** Record excerpts follows **

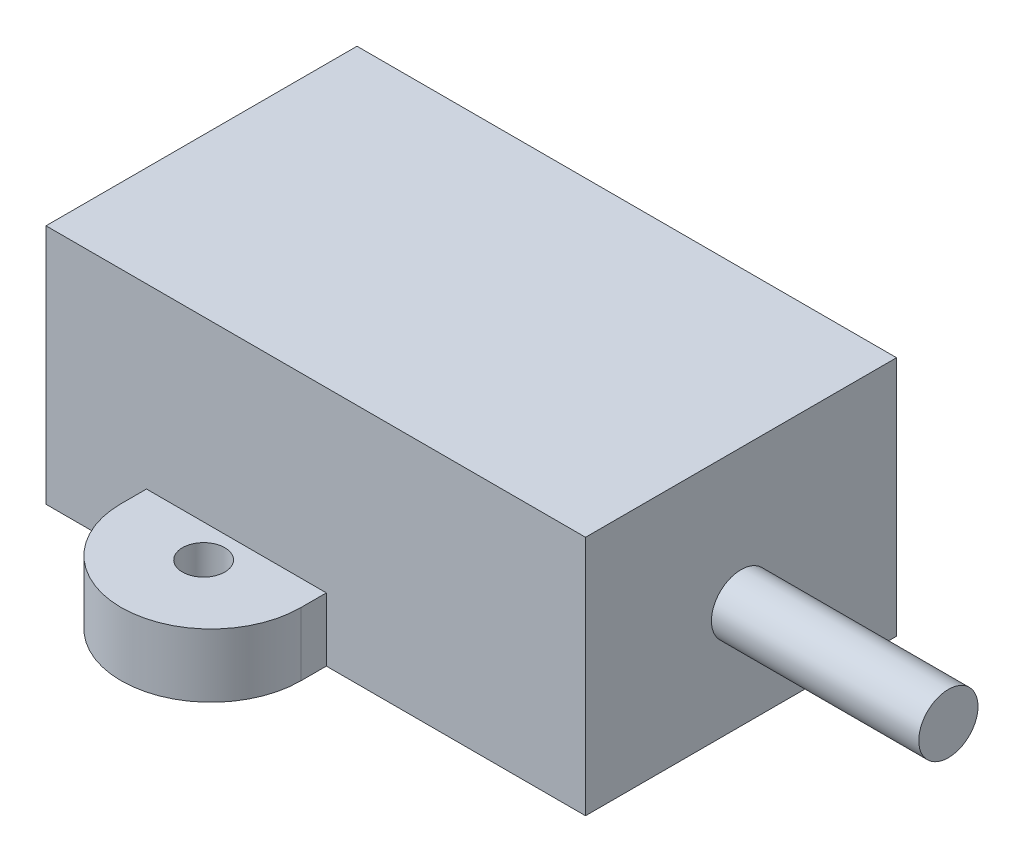
ISO-10303-21;
HEADER;
FILE_DESCRIPTION(('STEP AP214'),'2;1');
FILE_NAME('part.step','',(''),(''),'','','');
FILE_SCHEMA(('AUTOMOTIVE_DESIGN { 1 0 10303 214 1 1 1 1 }'));
ENDSEC;
DATA;
#1=APPLICATION_CONTEXT('core data for automotive mechanical design processes');
#2=APPLICATION_PROTOCOL_DEFINITION('international standard','automotive_design',2000,#1);
#3=PRODUCT_CONTEXT('',#1,'mechanical');
#4=PRODUCT('Part','Part','',(#3));
#5=PRODUCT_RELATED_PRODUCT_CATEGORY('part','',(#4));
#6=PRODUCT_DEFINITION_FORMATION('','',#4);
#7=PRODUCT_DEFINITION_CONTEXT('part definition',#1,'design');
#8=PRODUCT_DEFINITION('design','',#6,#7);
#9=PRODUCT_DEFINITION_SHAPE('','',#8);
#10=(LENGTH_UNIT() NAMED_UNIT(*) SI_UNIT(.MILLI.,.METRE.));
#11=(NAMED_UNIT(*) PLANE_ANGLE_UNIT() SI_UNIT($,.RADIAN.));
#12=(NAMED_UNIT(*) SI_UNIT($,.STERADIAN.) SOLID_ANGLE_UNIT());
#13=UNCERTAINTY_MEASURE_WITH_UNIT(LENGTH_MEASURE(1.E-05),#10,'distance_accuracy_value','');
#14=(GEOMETRIC_REPRESENTATION_CONTEXT(3) GLOBAL_UNCERTAINTY_ASSIGNED_CONTEXT((#13)) GLOBAL_UNIT_ASSIGNED_CONTEXT((#10,
#11,#12)) REPRESENTATION_CONTEXT('',''));
#15=CARTESIAN_POINT('',(0.,0.,0.));
#16=DIRECTION('',(0.,0.,1.));
#17=DIRECTION('',(1.,0.,0.));
#18=AXIS2_PLACEMENT_3D('',#15,#16,#17);
#19=CARTESIAN_POINT('',(-3.75,0.,8.55));
#20=DIRECTION('',(0.,-1.,0.));
#21=DIRECTION('',(0.,0.,-1.));
#22=AXIS2_PLACEMENT_3D('',#19,#20,#21);
#23=CYLINDRICAL_SURFACE('',#22,4.25);
#24=DIRECTION('',(0.,-1.,0.));
#25=VECTOR('',#24,1.);
#26=CARTESIAN_POINT('',(-8.,3.,8.55));
#27=LINE('',#26,#25);
#28=CARTESIAN_POINT('',(-8.,0.,8.55));
#29=VERTEX_POINT('',#28);
#30=CARTESIAN_POINT('',(-8.,3.,8.55));
#31=VERTEX_POINT('',#30);
#32=EDGE_CURVE('E136',#29,#31,#27,.F.);
#33=ORIENTED_EDGE('',*,*,#32,.F.);
#34=CARTESIAN_POINT('',(-3.75,0.,8.55));
#35=DIRECTION('',(0.,1.,0.));
#36=DIRECTION('',(0.,0.,1.));
#37=AXIS2_PLACEMENT_3D('',#34,#35,#36);
#38=CIRCLE('',#37,4.25);
#39=CARTESIAN_POINT('',(0.500000000000002,0.,8.55));
#40=VERTEX_POINT('',#39);
#41=EDGE_CURVE('E42',#40,#29,#38,.F.);
#42=ORIENTED_EDGE('',*,*,#41,.F.);
#43=DIRECTION('',(0.,-1.,0.));
#44=VECTOR('',#43,1.);
#45=CARTESIAN_POINT('',(0.500000000000002,3.,8.55));
#46=LINE('',#45,#44);
#47=CARTESIAN_POINT('',(0.500000000000002,3.,8.55));
#48=VERTEX_POINT('',#47);
#49=EDGE_CURVE('E223',#48,#40,#46,.T.);
#50=ORIENTED_EDGE('',*,*,#49,.F.);
#51=CARTESIAN_POINT('',(-3.75,3.,8.55));
#52=DIRECTION('',(0.,1.,0.));
#53=DIRECTION('',(0.,0.,1.));
#54=AXIS2_PLACEMENT_3D('',#51,#52,#53);
#55=CIRCLE('',#54,4.25);
#56=EDGE_CURVE('E11',#31,#48,#55,.T.);
#57=ORIENTED_EDGE('',*,*,#56,.F.);
#58=EDGE_LOOP('',(#33,#42,#50,#57));
#59=FACE_BOUND('',#58,.T.);
#60=ADVANCED_FACE('F34',(#59),#23,.T.);
#61=CARTESIAN_POINT('',(-12.75,11.4,7.35));
#62=DIRECTION('',(0.,0.,-1.));
#63=DIRECTION('',(-1.,0.,0.));
#64=AXIS2_PLACEMENT_3D('',#61,#62,#63);
#65=PLANE('',#64);
#66=DIRECTION('',(0.,-1.,0.));
#67=VECTOR('',#66,1.);
#68=CARTESIAN_POINT('',(-8.,3.,7.35));
#69=LINE('',#68,#67);
#70=CARTESIAN_POINT('',(-8.,3.,7.35));
#71=VERTEX_POINT('',#70);
#72=CARTESIAN_POINT('',(-8.,0.,7.35));
#73=VERTEX_POINT('',#72);
#74=EDGE_CURVE('E134',#71,#73,#69,.T.);
#75=ORIENTED_EDGE('',*,*,#74,.F.);
#76=DIRECTION('',(-1.,0.,0.));
#77=VECTOR('',#76,1.);
#78=CARTESIAN_POINT('',(-8.,3.,7.35));
#79=LINE('',#78,#77);
#80=CARTESIAN_POINT('',(0.500000000000002,3.,7.35));
#81=VERTEX_POINT('',#80);
#82=EDGE_CURVE('E118',#81,#71,#79,.T.);
#83=ORIENTED_EDGE('',*,*,#82,.F.);
#84=DIRECTION('',(0.,-1.,0.));
#85=VECTOR('',#84,1.);
#86=CARTESIAN_POINT('',(0.500000000000002,3.,7.35));
#87=LINE('',#86,#85);
#88=CARTESIAN_POINT('',(0.500000000000002,0.,7.35));
#89=VERTEX_POINT('',#88);
#90=EDGE_CURVE('E144',#81,#89,#87,.T.);
#91=ORIENTED_EDGE('',*,*,#90,.T.);
#92=DIRECTION('',(1.,0.,0.));
#93=VECTOR('',#92,1.);
#94=CARTESIAN_POINT('',(-12.75,0.,7.35));
#95=LINE('',#94,#93);
#96=CARTESIAN_POINT('',(12.75,0.,7.35));
#97=VERTEX_POINT('',#96);
#98=EDGE_CURVE('E197',#89,#97,#95,.T.);
#99=ORIENTED_EDGE('',*,*,#98,.T.);
#100=DIRECTION('',(0.,-1.,0.));
#101=VECTOR('',#100,1.);
#102=CARTESIAN_POINT('',(12.75,11.4,7.35));
#103=LINE('',#102,#101);
#104=CARTESIAN_POINT('',(12.75,11.4,7.35));
#105=VERTEX_POINT('',#104);
#106=EDGE_CURVE('E188',#105,#97,#103,.T.);
#107=ORIENTED_EDGE('',*,*,#106,.F.);
#108=DIRECTION('',(1.,0.,0.));
#109=VECTOR('',#108,1.);
#110=CARTESIAN_POINT('',(-12.75,11.4,7.35));
#111=LINE('',#110,#109);
#112=CARTESIAN_POINT('',(-12.75,11.4,7.35));
#113=VERTEX_POINT('',#112);
#114=EDGE_CURVE('E186',#113,#105,#111,.T.);
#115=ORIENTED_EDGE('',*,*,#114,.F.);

** End of Record excerpts **

What this task involves: Tell how many lines in the entries above include the string "mechanical", and write nothing but the number.

Answer to this problem: 2